* [Work task]:
Would you please write out only the lines running from the top of the listing through the one holding "doc.layers.add('from', color=7, linetype='Continuous')", exactly, with both ends kept and pictures left out?

--- Records for this task Enclosed Below ---

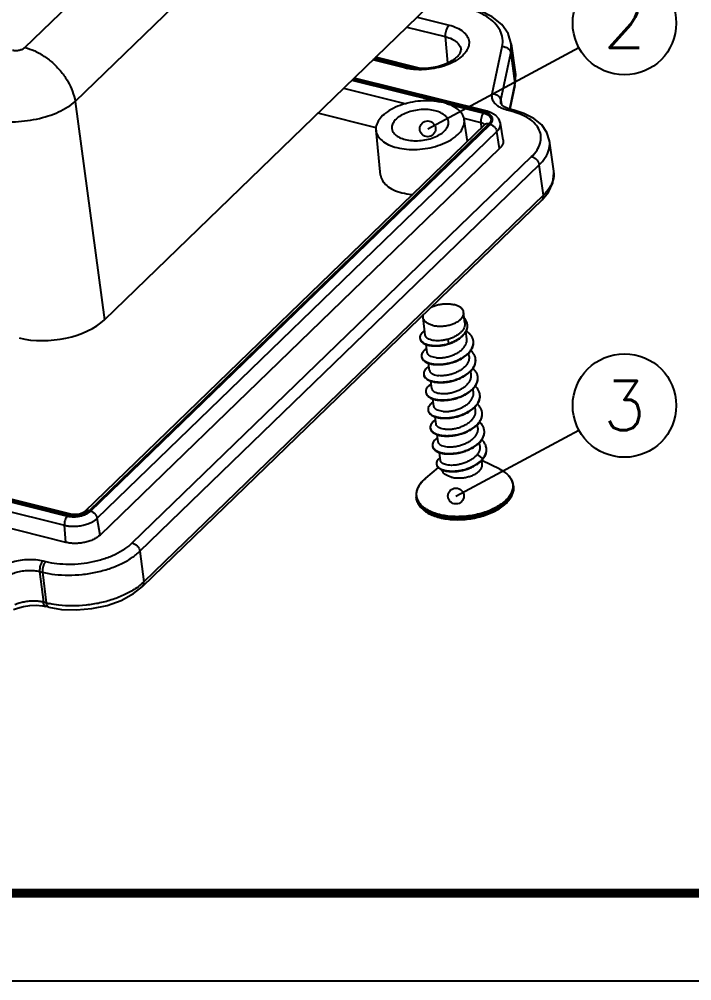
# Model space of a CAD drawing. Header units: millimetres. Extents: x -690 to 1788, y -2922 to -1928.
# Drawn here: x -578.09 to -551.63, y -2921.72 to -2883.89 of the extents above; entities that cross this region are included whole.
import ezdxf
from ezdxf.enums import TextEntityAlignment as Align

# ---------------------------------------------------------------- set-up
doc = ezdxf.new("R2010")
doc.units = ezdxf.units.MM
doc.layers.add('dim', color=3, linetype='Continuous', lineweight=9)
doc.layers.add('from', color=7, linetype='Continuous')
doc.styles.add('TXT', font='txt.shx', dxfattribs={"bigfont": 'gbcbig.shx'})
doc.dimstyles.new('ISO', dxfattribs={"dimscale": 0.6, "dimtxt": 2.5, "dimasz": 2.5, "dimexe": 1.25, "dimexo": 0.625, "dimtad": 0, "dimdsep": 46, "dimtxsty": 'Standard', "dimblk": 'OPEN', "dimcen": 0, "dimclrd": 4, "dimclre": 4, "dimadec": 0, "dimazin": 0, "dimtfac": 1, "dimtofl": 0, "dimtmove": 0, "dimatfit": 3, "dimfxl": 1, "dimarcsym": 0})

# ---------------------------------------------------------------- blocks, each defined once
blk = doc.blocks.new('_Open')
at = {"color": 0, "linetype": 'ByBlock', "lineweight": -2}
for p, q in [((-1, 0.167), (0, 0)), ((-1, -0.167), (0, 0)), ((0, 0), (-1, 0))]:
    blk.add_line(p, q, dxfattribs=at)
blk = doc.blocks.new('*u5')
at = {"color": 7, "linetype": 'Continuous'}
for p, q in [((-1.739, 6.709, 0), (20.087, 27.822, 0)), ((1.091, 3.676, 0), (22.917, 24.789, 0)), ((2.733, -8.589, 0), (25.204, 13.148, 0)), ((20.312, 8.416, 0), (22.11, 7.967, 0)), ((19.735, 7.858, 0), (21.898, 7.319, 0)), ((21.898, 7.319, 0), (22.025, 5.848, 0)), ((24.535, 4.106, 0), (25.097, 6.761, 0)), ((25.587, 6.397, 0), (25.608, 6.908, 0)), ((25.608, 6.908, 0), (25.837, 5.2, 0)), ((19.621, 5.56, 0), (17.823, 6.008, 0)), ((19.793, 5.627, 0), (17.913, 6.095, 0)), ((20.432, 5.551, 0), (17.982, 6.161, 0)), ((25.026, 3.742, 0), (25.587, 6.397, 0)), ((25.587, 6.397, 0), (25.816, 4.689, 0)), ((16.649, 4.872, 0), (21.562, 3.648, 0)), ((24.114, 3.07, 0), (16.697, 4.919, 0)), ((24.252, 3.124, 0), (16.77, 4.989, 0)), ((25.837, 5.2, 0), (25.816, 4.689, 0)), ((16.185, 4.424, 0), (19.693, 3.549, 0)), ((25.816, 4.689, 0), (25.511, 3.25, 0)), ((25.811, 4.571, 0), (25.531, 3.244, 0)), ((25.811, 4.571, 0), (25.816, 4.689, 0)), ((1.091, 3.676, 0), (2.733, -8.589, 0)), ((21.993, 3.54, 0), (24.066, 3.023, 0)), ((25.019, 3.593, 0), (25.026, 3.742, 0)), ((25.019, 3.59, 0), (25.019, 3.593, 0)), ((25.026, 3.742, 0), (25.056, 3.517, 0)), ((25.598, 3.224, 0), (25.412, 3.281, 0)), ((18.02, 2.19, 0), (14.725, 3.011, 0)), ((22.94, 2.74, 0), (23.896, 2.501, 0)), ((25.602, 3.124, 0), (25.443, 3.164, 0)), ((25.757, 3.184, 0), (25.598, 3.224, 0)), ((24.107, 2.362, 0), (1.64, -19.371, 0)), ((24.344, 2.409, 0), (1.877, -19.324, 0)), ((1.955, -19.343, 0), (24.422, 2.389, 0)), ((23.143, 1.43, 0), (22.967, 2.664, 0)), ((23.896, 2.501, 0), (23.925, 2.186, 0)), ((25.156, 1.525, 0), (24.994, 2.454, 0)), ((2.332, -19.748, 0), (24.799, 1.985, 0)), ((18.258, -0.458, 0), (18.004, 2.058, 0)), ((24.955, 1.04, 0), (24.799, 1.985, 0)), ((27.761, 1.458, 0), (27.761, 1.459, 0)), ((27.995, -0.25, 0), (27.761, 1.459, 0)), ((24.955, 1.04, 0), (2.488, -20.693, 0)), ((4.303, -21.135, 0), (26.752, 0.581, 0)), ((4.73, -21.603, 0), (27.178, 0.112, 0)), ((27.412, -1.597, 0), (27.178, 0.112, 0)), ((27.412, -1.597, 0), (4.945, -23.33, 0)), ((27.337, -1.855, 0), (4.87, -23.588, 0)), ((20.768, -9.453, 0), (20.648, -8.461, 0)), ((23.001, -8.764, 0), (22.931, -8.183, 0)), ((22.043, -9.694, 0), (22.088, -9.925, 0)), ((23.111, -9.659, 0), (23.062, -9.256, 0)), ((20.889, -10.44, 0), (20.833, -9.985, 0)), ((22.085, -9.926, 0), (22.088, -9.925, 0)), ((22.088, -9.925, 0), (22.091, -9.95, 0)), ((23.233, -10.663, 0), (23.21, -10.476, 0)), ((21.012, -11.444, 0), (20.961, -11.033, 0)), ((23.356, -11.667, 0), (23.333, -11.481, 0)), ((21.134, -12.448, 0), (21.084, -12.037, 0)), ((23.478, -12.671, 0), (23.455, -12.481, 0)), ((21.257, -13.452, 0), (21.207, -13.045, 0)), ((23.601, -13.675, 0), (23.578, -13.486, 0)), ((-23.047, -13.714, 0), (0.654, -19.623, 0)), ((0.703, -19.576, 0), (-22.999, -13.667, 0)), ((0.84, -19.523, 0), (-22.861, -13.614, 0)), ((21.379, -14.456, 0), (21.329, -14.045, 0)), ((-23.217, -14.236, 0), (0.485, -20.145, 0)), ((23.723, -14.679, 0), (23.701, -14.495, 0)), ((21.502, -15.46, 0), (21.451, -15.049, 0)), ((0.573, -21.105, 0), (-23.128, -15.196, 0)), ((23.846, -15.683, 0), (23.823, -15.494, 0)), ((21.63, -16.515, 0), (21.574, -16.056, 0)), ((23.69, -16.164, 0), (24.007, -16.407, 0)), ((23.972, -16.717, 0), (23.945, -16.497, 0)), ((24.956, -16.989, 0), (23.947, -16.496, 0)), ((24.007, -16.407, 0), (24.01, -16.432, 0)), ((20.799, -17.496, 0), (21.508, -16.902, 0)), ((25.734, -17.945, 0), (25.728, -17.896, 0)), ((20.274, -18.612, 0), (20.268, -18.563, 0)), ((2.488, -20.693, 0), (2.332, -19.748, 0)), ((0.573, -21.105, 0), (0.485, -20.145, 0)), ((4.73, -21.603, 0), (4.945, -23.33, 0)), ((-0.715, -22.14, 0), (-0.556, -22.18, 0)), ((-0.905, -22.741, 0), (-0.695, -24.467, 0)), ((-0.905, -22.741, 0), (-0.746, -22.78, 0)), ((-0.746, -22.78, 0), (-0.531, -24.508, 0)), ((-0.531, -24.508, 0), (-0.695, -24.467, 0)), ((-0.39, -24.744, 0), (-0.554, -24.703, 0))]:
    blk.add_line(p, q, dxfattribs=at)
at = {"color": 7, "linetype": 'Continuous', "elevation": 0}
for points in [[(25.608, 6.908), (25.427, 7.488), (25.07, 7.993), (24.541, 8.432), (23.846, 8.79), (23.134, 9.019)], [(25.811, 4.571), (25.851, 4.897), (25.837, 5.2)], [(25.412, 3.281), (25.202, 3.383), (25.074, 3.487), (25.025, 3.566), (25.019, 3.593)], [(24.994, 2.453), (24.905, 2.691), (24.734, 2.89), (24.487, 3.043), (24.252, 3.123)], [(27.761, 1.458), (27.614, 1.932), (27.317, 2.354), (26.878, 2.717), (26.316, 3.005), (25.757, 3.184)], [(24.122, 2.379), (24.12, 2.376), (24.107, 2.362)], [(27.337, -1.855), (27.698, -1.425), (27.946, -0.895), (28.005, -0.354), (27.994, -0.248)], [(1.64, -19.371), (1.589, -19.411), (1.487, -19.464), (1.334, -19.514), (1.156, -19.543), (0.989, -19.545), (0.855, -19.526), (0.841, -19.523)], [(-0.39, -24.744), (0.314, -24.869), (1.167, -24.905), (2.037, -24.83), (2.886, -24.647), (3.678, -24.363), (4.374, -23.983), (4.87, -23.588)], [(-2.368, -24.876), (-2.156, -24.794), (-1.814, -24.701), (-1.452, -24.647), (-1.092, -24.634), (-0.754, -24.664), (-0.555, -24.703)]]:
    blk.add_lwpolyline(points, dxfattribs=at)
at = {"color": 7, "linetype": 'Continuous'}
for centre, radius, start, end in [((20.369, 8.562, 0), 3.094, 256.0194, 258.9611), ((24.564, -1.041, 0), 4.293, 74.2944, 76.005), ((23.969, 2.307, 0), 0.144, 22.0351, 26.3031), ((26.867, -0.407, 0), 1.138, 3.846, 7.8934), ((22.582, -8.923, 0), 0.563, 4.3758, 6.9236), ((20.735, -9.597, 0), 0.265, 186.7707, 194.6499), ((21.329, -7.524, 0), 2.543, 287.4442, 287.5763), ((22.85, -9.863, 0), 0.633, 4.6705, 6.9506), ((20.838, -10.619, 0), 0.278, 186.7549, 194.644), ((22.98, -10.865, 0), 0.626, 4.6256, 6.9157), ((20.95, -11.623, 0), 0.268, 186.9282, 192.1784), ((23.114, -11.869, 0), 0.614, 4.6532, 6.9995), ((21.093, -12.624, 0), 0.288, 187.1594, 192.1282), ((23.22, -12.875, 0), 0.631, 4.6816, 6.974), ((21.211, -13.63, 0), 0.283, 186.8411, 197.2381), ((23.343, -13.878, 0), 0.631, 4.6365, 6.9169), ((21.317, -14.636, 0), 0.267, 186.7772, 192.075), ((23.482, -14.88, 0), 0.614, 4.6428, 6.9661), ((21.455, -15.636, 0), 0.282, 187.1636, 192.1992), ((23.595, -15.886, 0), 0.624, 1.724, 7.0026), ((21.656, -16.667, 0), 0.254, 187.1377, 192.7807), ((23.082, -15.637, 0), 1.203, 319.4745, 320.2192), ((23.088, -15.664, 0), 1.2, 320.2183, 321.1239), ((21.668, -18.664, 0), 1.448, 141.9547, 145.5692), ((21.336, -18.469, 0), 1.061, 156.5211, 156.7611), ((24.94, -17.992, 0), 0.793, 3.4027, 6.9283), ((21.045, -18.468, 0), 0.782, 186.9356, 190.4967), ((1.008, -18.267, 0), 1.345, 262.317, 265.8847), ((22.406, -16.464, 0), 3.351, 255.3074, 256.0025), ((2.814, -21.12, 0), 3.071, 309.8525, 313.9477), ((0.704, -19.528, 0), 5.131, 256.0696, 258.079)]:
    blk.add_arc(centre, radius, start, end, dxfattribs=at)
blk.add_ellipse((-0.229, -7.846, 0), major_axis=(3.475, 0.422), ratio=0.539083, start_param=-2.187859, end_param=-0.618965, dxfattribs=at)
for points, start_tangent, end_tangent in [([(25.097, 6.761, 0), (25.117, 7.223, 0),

--- End of Enclosed Records for this task ---

* [Response]:
# Model space of a CAD drawing. Header units: millimetres. Extents: x -690 to 1788, y -2922 to -1928.
# Drawn here: x -578.09 to -551.63, y -2921.72 to -2883.89 of the extents above; entities that cross this region are included whole.
import ezdxf
from ezdxf.enums import TextEntityAlignment as Align

# ---------------------------------------------------------------- set-up
doc = ezdxf.new("R2010")
doc.units = ezdxf.units.MM
doc.layers.add('dim', color=3, linetype='Continuous', lineweight=9)
doc.layers.add('from', color=7, linetype='Continuous')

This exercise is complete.